Exercise directions: Return the run of lines below that opens with the line containing "import ezdxf" and closes with the line containing "color=1, linetype='Continuous', plot=False)", keeping each one exact.

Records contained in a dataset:
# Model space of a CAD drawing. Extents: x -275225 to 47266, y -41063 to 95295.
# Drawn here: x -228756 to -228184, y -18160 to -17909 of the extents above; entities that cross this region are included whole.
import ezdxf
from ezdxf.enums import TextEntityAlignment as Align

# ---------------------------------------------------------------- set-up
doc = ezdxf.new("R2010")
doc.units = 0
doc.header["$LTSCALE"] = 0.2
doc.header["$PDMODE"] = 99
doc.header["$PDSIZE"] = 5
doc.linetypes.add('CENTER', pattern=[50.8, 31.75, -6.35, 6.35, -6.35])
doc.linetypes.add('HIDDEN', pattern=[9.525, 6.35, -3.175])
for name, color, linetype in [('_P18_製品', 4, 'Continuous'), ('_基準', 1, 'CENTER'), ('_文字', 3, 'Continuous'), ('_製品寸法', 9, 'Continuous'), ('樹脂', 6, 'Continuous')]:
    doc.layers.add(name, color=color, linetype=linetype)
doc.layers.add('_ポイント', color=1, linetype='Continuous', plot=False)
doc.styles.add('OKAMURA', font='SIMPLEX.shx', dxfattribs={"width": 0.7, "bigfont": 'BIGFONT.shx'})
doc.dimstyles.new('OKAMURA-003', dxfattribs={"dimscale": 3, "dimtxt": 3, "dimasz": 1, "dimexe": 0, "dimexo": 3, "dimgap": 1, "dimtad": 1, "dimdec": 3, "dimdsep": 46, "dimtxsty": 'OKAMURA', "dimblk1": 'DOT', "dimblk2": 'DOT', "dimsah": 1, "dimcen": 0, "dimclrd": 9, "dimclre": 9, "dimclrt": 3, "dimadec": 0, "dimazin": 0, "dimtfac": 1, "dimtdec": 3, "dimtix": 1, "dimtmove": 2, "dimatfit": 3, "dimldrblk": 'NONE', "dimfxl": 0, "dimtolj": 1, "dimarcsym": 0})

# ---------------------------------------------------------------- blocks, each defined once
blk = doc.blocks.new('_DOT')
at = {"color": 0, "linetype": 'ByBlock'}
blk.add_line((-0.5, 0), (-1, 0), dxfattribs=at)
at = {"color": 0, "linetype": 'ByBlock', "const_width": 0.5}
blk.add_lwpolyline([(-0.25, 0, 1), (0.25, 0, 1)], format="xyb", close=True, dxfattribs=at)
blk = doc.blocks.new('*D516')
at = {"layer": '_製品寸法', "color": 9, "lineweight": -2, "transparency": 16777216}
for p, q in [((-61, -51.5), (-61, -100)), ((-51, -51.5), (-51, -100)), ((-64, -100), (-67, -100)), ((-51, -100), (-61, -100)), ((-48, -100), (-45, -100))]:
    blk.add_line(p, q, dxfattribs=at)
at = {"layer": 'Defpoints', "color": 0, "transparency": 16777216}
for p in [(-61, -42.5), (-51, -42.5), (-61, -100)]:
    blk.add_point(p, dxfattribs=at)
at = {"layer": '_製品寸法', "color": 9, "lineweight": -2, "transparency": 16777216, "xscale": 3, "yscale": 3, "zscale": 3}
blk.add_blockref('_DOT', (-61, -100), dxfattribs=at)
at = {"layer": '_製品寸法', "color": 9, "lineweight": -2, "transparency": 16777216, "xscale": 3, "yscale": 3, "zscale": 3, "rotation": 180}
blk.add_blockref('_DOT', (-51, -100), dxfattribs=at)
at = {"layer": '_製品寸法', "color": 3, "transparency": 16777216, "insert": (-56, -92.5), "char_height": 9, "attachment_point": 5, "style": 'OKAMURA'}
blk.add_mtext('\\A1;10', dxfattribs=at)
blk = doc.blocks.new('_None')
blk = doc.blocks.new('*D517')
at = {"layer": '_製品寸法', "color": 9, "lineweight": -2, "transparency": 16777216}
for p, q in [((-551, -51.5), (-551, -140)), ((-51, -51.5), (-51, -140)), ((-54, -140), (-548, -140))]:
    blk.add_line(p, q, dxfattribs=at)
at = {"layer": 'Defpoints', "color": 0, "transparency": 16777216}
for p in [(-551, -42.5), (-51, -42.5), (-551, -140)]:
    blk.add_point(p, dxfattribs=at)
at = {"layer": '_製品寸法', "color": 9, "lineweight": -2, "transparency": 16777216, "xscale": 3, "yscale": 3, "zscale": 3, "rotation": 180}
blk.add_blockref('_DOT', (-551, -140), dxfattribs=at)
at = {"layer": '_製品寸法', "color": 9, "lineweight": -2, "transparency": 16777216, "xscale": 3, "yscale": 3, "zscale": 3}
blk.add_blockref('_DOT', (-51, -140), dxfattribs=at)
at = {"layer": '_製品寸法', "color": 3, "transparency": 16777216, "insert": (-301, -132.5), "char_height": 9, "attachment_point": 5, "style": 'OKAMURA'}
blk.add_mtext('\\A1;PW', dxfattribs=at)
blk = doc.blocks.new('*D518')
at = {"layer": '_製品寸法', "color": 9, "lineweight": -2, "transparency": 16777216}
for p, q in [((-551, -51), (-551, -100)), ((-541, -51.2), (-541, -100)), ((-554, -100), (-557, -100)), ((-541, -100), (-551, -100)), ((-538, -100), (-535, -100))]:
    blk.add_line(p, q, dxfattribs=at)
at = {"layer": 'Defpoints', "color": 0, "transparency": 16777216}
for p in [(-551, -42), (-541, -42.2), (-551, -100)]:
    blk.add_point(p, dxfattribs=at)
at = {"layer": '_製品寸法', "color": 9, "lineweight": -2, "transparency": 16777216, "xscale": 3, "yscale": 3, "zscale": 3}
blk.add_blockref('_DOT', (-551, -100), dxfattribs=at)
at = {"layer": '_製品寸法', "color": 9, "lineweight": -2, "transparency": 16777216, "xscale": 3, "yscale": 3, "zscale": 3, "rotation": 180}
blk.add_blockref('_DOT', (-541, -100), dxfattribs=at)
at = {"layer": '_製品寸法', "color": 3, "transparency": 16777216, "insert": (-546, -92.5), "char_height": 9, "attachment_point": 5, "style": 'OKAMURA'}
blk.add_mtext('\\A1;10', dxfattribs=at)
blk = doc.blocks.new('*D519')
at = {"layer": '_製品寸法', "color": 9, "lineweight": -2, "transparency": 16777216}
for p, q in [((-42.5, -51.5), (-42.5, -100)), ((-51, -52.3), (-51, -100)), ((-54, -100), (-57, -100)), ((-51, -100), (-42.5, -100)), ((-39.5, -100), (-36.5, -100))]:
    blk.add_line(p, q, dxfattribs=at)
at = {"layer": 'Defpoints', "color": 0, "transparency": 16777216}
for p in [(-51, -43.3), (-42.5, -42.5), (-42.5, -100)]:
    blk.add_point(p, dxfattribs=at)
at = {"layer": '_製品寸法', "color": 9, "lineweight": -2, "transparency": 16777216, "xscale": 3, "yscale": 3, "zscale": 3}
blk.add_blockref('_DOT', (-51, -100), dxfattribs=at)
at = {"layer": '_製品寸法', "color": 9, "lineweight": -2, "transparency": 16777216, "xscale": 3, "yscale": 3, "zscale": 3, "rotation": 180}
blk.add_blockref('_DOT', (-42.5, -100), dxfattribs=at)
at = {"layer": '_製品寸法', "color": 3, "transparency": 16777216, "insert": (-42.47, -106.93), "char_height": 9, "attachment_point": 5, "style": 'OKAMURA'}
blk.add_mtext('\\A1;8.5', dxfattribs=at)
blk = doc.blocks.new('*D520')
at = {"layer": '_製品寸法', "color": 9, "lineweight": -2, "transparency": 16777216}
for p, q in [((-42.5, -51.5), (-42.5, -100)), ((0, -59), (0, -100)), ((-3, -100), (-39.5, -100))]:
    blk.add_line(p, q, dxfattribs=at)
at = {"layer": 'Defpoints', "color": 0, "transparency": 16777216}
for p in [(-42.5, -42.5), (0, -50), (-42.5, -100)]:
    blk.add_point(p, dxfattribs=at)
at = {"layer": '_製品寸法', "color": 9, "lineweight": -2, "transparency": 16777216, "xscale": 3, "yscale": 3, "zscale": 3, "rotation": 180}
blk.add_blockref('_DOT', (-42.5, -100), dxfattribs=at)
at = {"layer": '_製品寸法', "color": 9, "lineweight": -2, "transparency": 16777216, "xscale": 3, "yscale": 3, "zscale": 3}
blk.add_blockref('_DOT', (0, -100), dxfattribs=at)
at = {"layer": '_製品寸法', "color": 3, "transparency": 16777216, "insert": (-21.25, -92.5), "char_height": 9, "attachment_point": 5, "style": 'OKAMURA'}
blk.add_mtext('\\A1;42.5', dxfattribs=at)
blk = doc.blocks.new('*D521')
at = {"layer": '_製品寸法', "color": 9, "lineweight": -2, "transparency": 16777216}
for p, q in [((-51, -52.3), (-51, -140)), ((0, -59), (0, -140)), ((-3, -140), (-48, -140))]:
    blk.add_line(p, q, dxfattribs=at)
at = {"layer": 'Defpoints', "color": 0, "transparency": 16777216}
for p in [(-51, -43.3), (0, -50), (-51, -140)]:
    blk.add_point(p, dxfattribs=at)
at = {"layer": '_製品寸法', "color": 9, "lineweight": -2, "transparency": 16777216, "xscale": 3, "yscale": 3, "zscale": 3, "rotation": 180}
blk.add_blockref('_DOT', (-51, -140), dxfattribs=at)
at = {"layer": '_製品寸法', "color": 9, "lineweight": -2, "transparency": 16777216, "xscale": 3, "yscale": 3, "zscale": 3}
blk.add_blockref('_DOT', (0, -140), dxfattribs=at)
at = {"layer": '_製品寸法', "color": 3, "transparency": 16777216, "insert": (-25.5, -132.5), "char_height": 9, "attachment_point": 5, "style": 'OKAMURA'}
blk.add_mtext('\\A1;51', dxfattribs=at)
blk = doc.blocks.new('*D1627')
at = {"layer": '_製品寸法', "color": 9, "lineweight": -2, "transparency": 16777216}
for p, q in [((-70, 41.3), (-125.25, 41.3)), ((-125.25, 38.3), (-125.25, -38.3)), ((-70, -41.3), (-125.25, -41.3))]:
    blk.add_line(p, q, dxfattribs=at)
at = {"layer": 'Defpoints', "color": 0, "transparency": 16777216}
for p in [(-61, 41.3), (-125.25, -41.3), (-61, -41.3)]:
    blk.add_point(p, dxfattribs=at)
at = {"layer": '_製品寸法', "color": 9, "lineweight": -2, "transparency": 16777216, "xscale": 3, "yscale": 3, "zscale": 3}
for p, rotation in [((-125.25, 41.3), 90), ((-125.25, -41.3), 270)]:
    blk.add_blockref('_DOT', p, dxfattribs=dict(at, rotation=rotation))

Exercise answer:
import ezdxf
from ezdxf.enums import TextEntityAlignment as Align

# ---------------------------------------------------------------- set-up
doc = ezdxf.new("R2010")
doc.units = 0
doc.header["$LTSCALE"] = 0.2
doc.header["$PDMODE"] = 99
doc.header["$PDSIZE"] = 5
doc.linetypes.add('CENTER', pattern=[50.8, 31.75, -6.35, 6.35, -6.35])
doc.linetypes.add('HIDDEN', pattern=[9.525, 6.35, -3.175])
for name, color, linetype in [('_P18_製品', 4, 'Continuous'), ('_基準', 1, 'CENTER'), ('_文字', 3, 'Continuous'), ('_製品寸法', 9, 'Continuous'), ('樹脂', 6, 'Continuous')]:
    doc.layers.add(name, color=color, linetype=linetype)
doc.layers.add('_ポイント', color=1, linetype='Continuous', plot=False)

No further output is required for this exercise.